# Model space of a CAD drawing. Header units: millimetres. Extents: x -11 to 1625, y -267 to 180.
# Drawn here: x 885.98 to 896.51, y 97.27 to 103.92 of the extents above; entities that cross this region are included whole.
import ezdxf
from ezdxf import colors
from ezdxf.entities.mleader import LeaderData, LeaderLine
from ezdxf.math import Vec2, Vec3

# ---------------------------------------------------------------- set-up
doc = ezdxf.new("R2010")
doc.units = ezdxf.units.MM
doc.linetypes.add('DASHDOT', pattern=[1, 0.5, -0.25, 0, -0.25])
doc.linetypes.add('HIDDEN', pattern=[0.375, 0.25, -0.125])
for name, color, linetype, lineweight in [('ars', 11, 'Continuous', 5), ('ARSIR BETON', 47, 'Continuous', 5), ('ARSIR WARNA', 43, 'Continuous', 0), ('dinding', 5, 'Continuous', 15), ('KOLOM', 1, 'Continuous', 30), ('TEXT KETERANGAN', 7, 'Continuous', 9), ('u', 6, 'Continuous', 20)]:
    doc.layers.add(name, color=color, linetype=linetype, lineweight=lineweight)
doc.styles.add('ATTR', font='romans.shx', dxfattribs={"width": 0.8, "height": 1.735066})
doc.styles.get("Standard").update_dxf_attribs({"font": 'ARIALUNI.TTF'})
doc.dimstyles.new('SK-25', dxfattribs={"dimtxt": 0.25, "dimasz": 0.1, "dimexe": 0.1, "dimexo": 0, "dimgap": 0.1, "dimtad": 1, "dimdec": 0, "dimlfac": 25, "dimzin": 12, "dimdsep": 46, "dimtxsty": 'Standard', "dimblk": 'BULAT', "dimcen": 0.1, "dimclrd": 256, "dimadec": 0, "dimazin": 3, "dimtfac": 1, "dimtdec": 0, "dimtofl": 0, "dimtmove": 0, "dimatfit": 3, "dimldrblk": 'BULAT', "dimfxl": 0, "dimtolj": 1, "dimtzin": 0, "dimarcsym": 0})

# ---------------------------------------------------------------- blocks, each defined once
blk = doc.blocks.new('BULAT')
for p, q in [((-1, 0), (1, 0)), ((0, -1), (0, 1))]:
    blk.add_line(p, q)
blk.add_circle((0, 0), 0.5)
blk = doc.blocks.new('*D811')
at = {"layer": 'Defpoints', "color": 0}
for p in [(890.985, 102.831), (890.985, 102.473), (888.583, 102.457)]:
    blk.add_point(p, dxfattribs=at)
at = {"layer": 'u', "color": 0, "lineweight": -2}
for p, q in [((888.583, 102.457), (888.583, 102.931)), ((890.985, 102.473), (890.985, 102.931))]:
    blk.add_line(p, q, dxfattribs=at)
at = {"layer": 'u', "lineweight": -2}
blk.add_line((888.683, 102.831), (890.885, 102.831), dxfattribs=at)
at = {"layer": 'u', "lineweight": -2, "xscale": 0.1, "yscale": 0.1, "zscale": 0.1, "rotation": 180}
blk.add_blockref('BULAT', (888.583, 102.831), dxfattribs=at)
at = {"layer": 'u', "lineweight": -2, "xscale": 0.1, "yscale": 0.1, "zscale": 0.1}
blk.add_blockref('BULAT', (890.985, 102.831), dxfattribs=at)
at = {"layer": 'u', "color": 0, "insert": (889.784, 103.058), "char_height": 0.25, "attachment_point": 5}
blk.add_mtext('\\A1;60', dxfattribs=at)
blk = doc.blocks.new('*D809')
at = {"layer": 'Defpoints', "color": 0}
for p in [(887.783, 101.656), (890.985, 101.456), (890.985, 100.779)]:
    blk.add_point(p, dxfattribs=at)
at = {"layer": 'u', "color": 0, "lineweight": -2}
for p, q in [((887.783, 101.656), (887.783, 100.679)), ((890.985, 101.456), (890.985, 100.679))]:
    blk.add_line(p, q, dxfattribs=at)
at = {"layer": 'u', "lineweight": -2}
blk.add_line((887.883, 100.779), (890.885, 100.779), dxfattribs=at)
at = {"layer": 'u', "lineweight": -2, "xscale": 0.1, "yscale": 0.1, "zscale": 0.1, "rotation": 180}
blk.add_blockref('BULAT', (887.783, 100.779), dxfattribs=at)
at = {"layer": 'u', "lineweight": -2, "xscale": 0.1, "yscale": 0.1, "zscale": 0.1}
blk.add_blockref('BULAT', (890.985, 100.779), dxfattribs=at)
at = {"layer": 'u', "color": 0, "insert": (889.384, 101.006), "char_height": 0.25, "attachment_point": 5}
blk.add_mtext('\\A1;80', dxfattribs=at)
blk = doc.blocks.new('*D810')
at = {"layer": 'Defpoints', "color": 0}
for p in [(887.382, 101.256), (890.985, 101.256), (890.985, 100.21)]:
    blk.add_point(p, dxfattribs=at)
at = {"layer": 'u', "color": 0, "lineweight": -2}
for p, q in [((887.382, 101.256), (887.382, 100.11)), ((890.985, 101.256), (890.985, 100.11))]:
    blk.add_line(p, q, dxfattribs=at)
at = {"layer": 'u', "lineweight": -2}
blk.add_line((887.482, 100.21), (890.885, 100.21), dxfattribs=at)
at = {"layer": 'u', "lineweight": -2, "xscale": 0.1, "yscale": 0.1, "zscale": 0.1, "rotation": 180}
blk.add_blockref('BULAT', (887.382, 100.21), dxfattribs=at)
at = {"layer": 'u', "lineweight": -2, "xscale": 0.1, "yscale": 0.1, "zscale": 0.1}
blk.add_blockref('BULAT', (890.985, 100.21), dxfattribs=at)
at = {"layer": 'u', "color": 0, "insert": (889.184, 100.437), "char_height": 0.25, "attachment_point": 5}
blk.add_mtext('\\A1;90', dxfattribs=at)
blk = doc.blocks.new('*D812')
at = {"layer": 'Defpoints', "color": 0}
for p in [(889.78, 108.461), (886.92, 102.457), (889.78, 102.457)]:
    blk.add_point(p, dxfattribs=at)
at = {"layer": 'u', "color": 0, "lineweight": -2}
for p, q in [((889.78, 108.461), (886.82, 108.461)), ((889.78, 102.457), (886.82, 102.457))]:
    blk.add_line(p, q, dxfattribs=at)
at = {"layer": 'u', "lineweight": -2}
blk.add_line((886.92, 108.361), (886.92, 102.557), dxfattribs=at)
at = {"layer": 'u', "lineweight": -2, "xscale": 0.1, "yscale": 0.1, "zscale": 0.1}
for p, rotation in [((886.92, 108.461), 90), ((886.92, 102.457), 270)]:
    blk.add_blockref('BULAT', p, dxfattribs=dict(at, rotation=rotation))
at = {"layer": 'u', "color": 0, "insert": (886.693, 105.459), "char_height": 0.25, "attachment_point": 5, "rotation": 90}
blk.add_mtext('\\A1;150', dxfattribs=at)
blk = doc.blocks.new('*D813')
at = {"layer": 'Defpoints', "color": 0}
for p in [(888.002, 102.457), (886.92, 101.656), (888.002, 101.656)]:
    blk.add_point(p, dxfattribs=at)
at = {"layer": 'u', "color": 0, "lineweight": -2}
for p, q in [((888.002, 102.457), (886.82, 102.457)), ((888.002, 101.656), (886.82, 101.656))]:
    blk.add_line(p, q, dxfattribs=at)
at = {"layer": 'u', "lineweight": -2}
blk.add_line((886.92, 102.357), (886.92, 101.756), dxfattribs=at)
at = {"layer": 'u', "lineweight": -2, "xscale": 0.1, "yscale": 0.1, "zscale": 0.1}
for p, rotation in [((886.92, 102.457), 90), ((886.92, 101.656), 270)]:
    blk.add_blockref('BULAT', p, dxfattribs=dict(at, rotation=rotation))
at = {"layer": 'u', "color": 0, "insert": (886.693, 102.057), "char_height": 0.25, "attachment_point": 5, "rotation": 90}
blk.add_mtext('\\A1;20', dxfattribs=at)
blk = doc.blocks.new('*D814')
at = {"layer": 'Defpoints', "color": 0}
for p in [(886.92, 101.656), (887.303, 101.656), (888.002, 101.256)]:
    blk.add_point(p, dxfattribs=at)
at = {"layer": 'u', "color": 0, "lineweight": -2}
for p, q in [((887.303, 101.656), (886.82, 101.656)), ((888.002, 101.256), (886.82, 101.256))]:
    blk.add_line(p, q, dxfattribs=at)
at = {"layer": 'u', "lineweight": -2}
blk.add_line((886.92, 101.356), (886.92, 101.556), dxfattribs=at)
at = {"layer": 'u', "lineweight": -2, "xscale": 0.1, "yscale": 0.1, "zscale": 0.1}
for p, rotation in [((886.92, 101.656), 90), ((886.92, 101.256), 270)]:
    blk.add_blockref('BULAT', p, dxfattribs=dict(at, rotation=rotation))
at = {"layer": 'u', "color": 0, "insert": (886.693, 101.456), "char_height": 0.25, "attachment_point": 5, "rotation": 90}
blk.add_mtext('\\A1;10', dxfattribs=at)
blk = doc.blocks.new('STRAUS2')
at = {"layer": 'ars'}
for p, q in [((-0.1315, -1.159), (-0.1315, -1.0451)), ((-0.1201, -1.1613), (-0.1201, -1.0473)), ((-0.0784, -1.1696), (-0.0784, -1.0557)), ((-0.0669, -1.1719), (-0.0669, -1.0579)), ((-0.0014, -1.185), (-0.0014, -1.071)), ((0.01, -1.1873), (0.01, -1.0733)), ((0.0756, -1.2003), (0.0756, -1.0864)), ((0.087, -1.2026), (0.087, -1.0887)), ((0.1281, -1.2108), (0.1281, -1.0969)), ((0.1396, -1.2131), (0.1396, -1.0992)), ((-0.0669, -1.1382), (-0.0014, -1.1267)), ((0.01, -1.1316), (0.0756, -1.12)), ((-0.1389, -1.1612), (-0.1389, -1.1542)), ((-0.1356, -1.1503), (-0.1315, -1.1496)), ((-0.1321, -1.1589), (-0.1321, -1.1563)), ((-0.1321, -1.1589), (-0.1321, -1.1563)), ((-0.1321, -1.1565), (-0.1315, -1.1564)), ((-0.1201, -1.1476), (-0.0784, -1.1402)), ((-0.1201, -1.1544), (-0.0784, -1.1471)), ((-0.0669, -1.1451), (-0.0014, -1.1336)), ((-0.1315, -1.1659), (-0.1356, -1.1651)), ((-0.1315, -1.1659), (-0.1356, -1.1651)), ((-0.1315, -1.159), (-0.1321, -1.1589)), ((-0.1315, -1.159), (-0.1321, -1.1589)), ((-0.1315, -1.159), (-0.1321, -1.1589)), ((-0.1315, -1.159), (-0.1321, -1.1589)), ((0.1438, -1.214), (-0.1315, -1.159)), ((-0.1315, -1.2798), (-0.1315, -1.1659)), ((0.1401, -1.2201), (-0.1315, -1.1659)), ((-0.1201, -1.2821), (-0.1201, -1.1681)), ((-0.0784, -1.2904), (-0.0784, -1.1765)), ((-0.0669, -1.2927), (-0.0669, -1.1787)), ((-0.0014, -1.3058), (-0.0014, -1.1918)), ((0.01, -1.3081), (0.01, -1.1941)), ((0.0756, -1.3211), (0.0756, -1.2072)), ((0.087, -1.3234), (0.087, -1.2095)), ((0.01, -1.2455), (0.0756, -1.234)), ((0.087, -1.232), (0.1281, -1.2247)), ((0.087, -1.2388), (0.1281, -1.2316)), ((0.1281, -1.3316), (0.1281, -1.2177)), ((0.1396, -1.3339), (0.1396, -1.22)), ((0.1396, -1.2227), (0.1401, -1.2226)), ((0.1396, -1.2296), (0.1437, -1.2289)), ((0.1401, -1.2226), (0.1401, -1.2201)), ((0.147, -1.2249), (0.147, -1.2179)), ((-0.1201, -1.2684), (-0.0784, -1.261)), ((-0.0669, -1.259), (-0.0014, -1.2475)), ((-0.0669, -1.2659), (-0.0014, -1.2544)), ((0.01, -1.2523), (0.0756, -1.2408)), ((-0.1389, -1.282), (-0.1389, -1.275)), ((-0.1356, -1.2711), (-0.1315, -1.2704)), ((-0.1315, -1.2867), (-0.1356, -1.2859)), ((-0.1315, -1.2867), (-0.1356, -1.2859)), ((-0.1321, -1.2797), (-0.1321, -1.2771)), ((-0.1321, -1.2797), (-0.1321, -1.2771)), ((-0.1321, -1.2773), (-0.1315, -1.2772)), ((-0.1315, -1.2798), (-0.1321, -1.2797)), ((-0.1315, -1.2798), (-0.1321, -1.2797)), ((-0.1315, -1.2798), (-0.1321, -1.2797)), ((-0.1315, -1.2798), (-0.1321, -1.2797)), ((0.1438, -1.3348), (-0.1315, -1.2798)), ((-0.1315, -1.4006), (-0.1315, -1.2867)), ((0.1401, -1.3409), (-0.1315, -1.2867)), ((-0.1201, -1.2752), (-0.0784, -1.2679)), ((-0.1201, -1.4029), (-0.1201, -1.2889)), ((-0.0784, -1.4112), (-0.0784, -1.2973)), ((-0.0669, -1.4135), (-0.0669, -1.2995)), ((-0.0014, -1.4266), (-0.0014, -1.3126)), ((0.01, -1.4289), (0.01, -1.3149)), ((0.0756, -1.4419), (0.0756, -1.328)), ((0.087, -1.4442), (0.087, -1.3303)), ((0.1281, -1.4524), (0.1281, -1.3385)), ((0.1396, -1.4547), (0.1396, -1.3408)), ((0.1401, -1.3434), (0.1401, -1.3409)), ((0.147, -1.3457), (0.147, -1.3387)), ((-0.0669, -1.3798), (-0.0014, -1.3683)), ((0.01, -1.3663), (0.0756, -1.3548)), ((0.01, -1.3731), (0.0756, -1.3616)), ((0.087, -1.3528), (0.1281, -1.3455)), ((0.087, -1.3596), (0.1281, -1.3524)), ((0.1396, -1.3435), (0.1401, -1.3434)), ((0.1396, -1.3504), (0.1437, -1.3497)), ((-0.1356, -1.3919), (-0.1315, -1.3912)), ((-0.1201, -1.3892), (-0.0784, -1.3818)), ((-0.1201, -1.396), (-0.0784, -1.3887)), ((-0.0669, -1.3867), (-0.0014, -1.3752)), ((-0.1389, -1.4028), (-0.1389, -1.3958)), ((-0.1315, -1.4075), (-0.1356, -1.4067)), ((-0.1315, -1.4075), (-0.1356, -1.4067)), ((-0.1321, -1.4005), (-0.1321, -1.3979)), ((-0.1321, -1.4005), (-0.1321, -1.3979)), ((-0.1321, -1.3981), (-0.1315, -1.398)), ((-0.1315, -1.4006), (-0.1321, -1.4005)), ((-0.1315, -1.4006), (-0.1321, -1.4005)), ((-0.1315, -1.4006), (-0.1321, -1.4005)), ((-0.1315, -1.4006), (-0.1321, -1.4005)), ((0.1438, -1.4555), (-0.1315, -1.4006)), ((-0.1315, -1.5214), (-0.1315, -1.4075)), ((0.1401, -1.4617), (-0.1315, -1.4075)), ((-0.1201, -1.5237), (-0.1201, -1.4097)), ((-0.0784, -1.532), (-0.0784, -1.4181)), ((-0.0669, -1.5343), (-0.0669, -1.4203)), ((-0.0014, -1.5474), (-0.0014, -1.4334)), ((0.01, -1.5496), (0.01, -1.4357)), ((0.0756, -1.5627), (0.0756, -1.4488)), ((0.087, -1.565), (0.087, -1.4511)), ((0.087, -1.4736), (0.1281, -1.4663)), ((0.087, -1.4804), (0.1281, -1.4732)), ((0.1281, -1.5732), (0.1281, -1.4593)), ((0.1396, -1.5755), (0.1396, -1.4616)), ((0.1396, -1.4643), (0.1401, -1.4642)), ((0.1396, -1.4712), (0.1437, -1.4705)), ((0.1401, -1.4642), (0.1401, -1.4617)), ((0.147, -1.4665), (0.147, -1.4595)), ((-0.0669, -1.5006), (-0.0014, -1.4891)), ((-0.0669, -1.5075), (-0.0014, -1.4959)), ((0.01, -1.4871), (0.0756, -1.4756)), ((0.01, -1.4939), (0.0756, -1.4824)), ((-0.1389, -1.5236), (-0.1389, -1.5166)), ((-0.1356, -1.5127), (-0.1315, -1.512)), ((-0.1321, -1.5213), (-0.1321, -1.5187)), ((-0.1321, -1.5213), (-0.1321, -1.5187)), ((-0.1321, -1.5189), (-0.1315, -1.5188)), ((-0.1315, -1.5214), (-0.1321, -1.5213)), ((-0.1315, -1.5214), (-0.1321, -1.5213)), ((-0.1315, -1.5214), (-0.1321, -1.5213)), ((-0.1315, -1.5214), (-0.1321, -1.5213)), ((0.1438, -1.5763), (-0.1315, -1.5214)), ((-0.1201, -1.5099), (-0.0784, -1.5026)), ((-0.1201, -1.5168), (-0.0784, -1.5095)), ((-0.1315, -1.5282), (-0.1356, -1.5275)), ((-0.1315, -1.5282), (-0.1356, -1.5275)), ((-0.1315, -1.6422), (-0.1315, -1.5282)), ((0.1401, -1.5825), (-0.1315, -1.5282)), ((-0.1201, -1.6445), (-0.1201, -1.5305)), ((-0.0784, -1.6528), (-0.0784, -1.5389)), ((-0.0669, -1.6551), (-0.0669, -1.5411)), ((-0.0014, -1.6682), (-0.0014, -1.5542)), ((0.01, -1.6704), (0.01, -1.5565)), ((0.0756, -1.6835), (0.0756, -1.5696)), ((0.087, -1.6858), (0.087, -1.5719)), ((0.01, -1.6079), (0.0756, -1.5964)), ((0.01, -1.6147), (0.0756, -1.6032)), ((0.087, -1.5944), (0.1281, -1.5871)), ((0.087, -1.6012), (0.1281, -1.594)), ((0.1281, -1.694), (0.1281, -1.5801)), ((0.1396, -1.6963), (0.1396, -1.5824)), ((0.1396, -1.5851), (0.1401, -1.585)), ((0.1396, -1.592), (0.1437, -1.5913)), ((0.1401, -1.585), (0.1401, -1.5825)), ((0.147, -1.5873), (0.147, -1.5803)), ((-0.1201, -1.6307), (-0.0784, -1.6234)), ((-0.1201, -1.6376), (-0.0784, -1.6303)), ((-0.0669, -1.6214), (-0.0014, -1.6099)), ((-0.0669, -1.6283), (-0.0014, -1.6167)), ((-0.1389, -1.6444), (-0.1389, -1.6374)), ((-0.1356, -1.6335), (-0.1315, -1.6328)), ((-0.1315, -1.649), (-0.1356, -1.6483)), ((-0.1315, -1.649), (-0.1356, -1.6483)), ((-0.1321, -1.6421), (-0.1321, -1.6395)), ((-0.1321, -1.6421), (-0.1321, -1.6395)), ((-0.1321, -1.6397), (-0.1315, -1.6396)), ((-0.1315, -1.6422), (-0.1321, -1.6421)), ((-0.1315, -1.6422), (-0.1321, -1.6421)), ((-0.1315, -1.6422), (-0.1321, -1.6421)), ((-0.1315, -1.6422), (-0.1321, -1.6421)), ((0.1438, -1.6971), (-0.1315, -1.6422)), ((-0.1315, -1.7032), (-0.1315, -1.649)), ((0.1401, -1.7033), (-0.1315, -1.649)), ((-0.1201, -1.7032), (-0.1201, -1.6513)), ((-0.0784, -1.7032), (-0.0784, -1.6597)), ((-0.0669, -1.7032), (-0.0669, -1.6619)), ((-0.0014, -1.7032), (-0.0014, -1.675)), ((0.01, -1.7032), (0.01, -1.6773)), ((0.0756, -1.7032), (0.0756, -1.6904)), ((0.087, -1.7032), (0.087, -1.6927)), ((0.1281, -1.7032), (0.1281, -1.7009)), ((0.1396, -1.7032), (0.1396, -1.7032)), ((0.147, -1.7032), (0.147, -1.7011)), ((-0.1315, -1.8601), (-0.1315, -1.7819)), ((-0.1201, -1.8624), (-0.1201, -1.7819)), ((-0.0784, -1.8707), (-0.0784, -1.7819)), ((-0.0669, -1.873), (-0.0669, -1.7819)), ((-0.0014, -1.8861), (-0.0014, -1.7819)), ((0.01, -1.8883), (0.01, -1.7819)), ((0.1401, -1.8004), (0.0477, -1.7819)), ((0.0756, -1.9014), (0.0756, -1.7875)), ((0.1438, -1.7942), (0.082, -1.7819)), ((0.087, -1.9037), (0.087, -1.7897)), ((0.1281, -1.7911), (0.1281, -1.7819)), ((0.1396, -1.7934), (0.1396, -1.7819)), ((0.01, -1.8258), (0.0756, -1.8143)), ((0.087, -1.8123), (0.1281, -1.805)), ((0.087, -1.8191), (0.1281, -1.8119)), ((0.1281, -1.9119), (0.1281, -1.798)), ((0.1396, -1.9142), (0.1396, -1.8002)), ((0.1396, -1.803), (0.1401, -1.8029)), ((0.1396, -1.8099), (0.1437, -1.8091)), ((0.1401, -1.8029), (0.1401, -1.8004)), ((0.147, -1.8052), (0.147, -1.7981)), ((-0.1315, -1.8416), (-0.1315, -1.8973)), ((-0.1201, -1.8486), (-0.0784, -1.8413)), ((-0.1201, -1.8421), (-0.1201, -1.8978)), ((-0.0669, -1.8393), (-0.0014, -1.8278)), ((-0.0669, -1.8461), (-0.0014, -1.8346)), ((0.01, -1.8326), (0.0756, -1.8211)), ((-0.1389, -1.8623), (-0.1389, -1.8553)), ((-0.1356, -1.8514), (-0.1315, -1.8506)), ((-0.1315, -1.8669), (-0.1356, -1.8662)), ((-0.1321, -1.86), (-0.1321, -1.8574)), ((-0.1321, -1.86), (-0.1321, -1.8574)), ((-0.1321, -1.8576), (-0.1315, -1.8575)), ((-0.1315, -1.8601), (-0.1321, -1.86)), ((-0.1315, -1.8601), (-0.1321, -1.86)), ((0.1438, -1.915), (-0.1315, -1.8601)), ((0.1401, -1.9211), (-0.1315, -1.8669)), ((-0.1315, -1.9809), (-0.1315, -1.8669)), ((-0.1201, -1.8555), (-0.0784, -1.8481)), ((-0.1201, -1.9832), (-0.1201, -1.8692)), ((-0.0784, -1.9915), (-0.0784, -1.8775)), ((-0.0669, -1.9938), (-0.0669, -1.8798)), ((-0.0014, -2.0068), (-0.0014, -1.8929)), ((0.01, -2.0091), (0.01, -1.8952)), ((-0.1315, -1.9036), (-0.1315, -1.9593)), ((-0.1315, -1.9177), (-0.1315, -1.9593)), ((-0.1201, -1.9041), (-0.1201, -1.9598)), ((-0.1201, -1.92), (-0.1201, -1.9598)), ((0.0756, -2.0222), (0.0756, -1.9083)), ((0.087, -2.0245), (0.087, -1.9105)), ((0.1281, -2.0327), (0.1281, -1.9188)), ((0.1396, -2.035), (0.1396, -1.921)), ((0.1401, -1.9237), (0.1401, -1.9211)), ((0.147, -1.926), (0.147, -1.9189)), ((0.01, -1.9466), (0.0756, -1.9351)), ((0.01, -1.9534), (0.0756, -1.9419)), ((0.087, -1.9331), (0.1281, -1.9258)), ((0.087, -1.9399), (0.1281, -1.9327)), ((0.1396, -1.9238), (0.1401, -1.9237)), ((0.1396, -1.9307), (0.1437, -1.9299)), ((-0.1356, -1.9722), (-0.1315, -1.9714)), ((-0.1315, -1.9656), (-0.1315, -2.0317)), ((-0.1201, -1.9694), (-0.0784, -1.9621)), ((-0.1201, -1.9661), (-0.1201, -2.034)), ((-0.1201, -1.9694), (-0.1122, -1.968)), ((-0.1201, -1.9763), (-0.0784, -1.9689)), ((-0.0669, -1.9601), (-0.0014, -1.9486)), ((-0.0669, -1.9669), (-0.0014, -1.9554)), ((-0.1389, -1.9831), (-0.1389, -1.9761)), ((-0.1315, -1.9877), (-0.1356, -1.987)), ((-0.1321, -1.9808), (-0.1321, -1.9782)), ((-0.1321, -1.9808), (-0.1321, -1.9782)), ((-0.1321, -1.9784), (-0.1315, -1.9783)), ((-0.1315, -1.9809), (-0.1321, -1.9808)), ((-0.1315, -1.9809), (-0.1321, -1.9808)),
# # # # #
▸ **What is required**
Counting only lines that hold the word "from", state how many the material contains, and add nothing.

▸ **Completed exercise**
3